ENTRE ASPIRATIONS MONÉTAIRES ET RÉALITÉS POLITIQUES
Pour que l’ECO devienne une réalité tangible, un dialogue approfondi entre les principales puissances économiques et les autres États membres s’impose

L’instauration d’une monnaie unique, baptisée « ECO » – acronyme dérivé de l’ECOWAS en anglais – demeure une problématique centrale au sein de la Communauté Économique des États de l’Afrique de l’Ouest (CEDEAO). Récemment, cette initiative a occupé une place prépondérante dans les débats menés lors d’une réunion des États membres de cet espace communautaire. Toutefois, sa concrétisation se heurte à de multiples entraves, aussi bien d’ordre économique que politique, en raison des réticences exprimées par les principales puissances économiques de la région.

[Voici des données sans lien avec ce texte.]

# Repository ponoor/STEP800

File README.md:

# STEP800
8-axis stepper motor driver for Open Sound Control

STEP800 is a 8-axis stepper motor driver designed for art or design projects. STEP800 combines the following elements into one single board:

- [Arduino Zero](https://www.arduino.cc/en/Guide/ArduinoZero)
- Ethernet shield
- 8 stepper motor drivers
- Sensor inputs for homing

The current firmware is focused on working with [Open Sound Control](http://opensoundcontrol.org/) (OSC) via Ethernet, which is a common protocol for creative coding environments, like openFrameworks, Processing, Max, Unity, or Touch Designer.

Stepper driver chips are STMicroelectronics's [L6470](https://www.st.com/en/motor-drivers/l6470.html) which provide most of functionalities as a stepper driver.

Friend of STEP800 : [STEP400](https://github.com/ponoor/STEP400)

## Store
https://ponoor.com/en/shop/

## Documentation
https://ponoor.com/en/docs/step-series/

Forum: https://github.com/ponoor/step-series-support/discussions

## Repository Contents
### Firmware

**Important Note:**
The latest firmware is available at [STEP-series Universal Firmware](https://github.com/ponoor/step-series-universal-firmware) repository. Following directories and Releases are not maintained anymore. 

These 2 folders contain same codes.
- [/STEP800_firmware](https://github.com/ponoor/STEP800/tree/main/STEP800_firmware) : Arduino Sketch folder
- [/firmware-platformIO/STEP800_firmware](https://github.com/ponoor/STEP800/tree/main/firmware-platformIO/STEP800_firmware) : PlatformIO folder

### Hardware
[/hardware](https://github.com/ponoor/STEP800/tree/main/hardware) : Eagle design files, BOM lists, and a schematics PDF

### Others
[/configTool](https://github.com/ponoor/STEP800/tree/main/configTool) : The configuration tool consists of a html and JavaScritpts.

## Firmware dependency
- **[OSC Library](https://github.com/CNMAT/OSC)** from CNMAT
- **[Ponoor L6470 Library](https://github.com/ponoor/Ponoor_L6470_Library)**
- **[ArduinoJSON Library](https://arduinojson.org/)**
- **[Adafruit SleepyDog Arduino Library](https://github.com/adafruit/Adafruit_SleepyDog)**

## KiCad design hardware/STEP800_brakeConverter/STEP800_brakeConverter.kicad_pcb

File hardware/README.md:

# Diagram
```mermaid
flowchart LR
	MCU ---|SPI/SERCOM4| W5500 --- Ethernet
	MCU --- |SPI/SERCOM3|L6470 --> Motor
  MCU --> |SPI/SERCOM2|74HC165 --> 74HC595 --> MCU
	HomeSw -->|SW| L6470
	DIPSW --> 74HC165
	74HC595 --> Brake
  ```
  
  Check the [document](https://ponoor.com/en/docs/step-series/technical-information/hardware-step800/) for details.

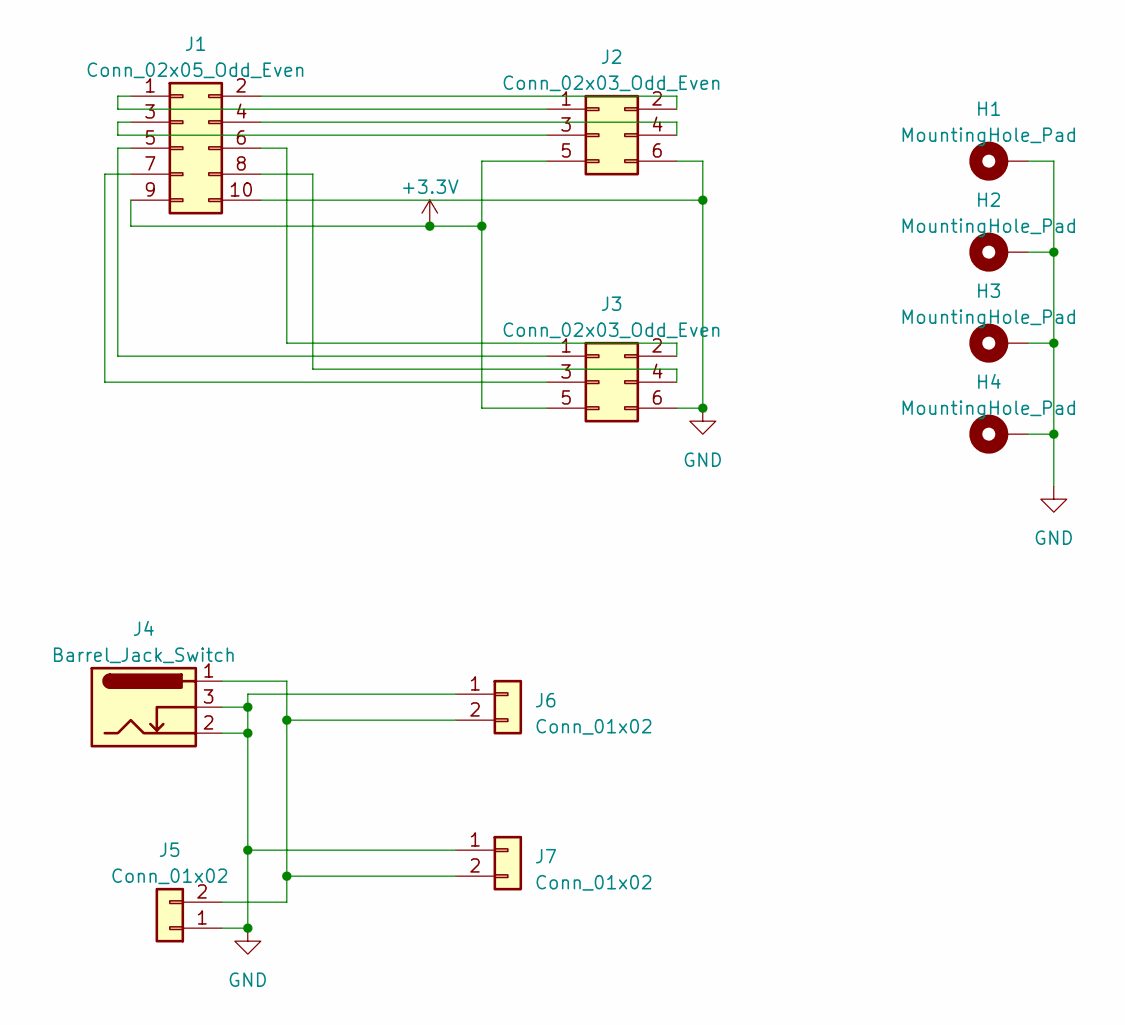
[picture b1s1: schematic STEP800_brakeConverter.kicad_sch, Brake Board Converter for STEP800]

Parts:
H1, H2, H3, H4: MountingHole_Pad; MountingHole_3.2mm_M3_Pad_TopBottom
J1: Conn_02x05_Odd_Even; IDC-Header_2x05_P2.54mm_Vertical
J2, J3: Conn_02x03_Odd_Even; IDC-Header_2x03_P2.54mm_Vertical
J4: Barrel_Jack_Switch; BarrelJack_GCT_DCJ200-10-A_Horizontal
J5, J6, J7: Conn_01x02; PhoenixContact_MCV_1,5_2-G-3.81_1x02_P3.81mm_Vertical

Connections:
+3.3V: J1.9, J2.5, J3.5
GND: H1.1, H2.1, H3.1, H4.1, J1.10, J2.6, J3.6, J4.2, J4.3, J5.1, J6.1, J7.1
unnamed: J1.1, J2.1
unnamed: J1.2, J2.2
unnamed: J1.3, J2.3
unnamed: J1.4, J2.4
unnamed: J1.5, J3.1
unnamed: J1.6, J3.2
unnamed: J1.7, J3.3
unnamed: J1.8, J3.4
unnamed: J4.1, J5.2, J6.2, J7.2

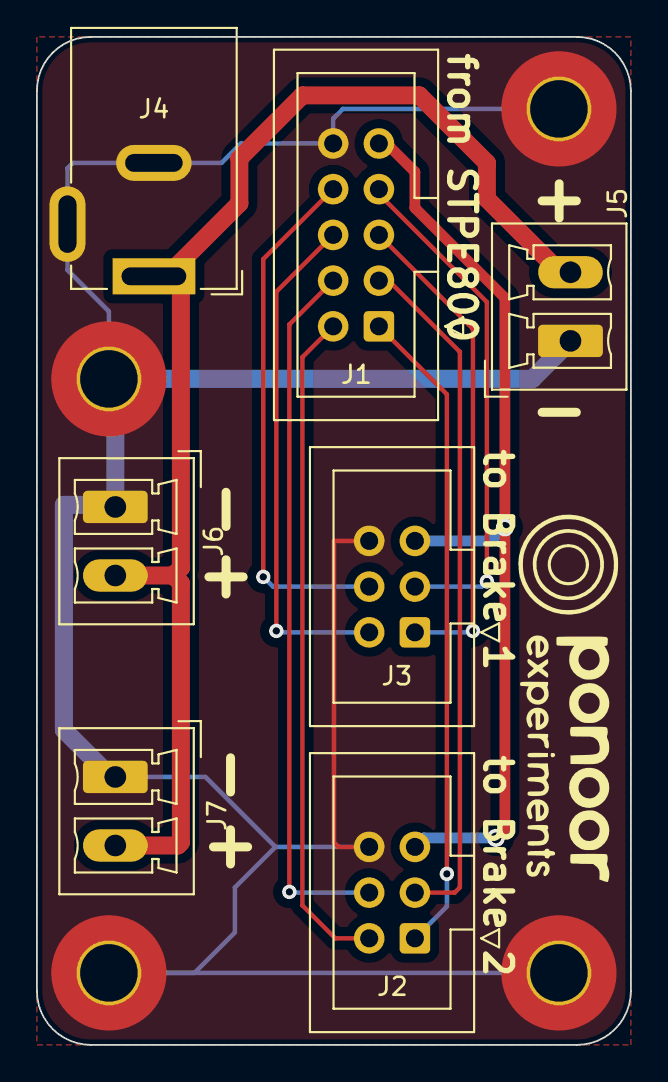
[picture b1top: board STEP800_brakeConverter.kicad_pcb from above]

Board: 2 copper layers, 33.0 x 56.0 mm, 11 parts (0 on the bottom side), 11 nets.

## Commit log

2021-04-14 Added hardware design files
2021-04-20 Added firmware files
2021-04-23 Added multiple boards support
2021-04-27 Fixed a SPI pin for shift registers
2021-04-28 Fixed loading myIp, outPort and mac when the DIP sw changed.
    And PROTOTYPE_BLACK bugs fix
2021-04-28 Updated the diagnosis outputs
2021-04-28 Updated hardware design files
2021-04-30 Fixed the L6470 reset pin logic state for prototype pcb
2021-05-03 Fixed the wrong parsing when loading integer as bool in the config.txt
2021-05-07 Silk adjustments for the Eagle board design file
2021-05-09 Added the hardware inspection sketch
2021-05-10 Updated the hardware test sketch
2021-05-17 Correct the external OSC frequency for prototype_black
2021-07-12 Rename test_prcedure.md to 1_preparation.md
2021-07-16 update the hardware test sketch
2021-08-30 configTools item name typo fixed
    goUntilTimeout
2021-08-30 configTool html+js update
2021-08-31 changed the directory name for the firmware
2021-09-01 changed a structure of directories
2021-09-03 Fixed the diagnosis tool serial output problem
2021-09-03 added hardware dimension files
2021-09-03 Fixed a usb serial output problem of the diagnosis tool
2021-09-05 config tool css+html update
2021-09-08 configTools CSS
2021-09-13 led test sketch
2021-09-14 led test sketch update
2021-10-18 Added configProductApplicable
2021-10-18 Update Arduino sketch folder
2021-11-25 Added minSpeed commands for the firmware and the config tool.
2021-11-25 added getMinSpeed command
2021-12-02 added /resetDeive and remove /resetDev
2021-12-08 added position report commands, update setElPos arguments
2021-12-08 updated Arduino sketch folder
2022-01-14 fixed `/getLowSpeedOptimizeThreshold` response bug.
2022-01-19 Fixed the thermal status return value
2022-02-13 check the homing status for motion/stop commands
2022-02-14 only `/run` can interrupt a homing among motion commands
    Other motion commands will be ignored during a homing.
2022-03-03 Fixed the incorrect `/getHomeSw` response.
2022-03-24 added the link to the latest firmware
2023-03-10 generate the brake board schematic
2023-03-10 generate the board layout
2023-03-17 brake board pcb design update
2023-04-05 brake conv gerber data for the prototype
2023-09-09 hardware test sketch update to adapt new SAMD SPI function name
2023-09-10 The hardware test sketch updated
    Added LED tests.
2024-03-03 typo

Bien que l’intégration monétaire suppose un engagement collectif, les économies dominantes de la CEDEAO – en particulier le Nigéria, la Côte d'Ivoire et le Ghana – manifestent certaines réserves. Le Nigéria, en tant que moteur économique de la région, craint de voir son influence s’amoindrir en intégrant une monnaie qui ne refléterait pas exclusivement ses priorités économiques. De même, la Côte d’Ivoire et le Sénégal ont, par le passé, ralenti le processus, compromettant ainsi les espoirs d’une mise en œuvre rapide. Tant que ces nations clés ne clarifieront pas leur position en faveur du projet, la concrétisation de l’ECO restera hypothétique. Ensuite, la CEDEAO fait face à des tensions internes qui complexifient davantage ce projet. La scission induite par le retrait des États membres de l’Alliance des États du Sahel (AES), que sont le Mali, le Burkina Faso et le Niger, constitue un frein majeur à l’unité régionale. En imposant des sanctions à ces Etats, la CEDEAO a creusé un fossé qui compromet ses ambitions d’intégration monétaire et politique. De surcroît, des États à l’image du Togo adoptent une posture ambivalente vis-à-vis de leur relation avec l’AES, rendant incertaine l’adhésion pleine et entière de tous les membres de l’organisation.
Une intégration des peuples encore lointaine
Si la monnaie unique devrait incarner un symbole d’unité, force est de constater que la CEDEAO des peuples demeure une utopie. Les disparités économiques entre les pays restent considérables, et la mobilité des populations ainsi que les échanges intra-régionaux sont encore trop limités. Sans une véritable convergence des politiques économiques et sociales, l’adoption de l’ECO risquerait d’exacerber ces disparités plutôt que de renforcer l’intégration régionale.
Pour que l’ECO devienne une réalité tangible, un dialogue approfondi entre les principales puissances économiques et les autres États membres s’impose. Une plus grande flexibilité dans les critères de convergence, couplée à une coopération monétaire progressive, pourrait encourager l’adhésion des nations réticentes. Il est également impératif de restaurer la confiance entre les États membres en recherchant une solution politique aux tensions opposant la CEDEAO à l’AES.
Vers une coopération monétaire pragmatique ?
À défaut d’une adoption imminente de l’ECO, une alternative consisterait à renforcer les mécanismes de coopération monétaire au sein de la CEDEAO. La mise en place d’un système de paiement régional permettant de faciliter les transactions sans recourir aux devises occidentales pourrait amorcer une transition vers une monnaie unique plus stable et inclusive. En définitive, si l’ambition d’une monnaie unique demeure vivace, sa concrétisation dépendra de la capacité des dirigeants à faire preuve de pragmatisme et de solidarité. L’intégration monétaire ne saurait être un succès sans une véritable intégration des peuples et une harmonisation des politiques économiques régionales.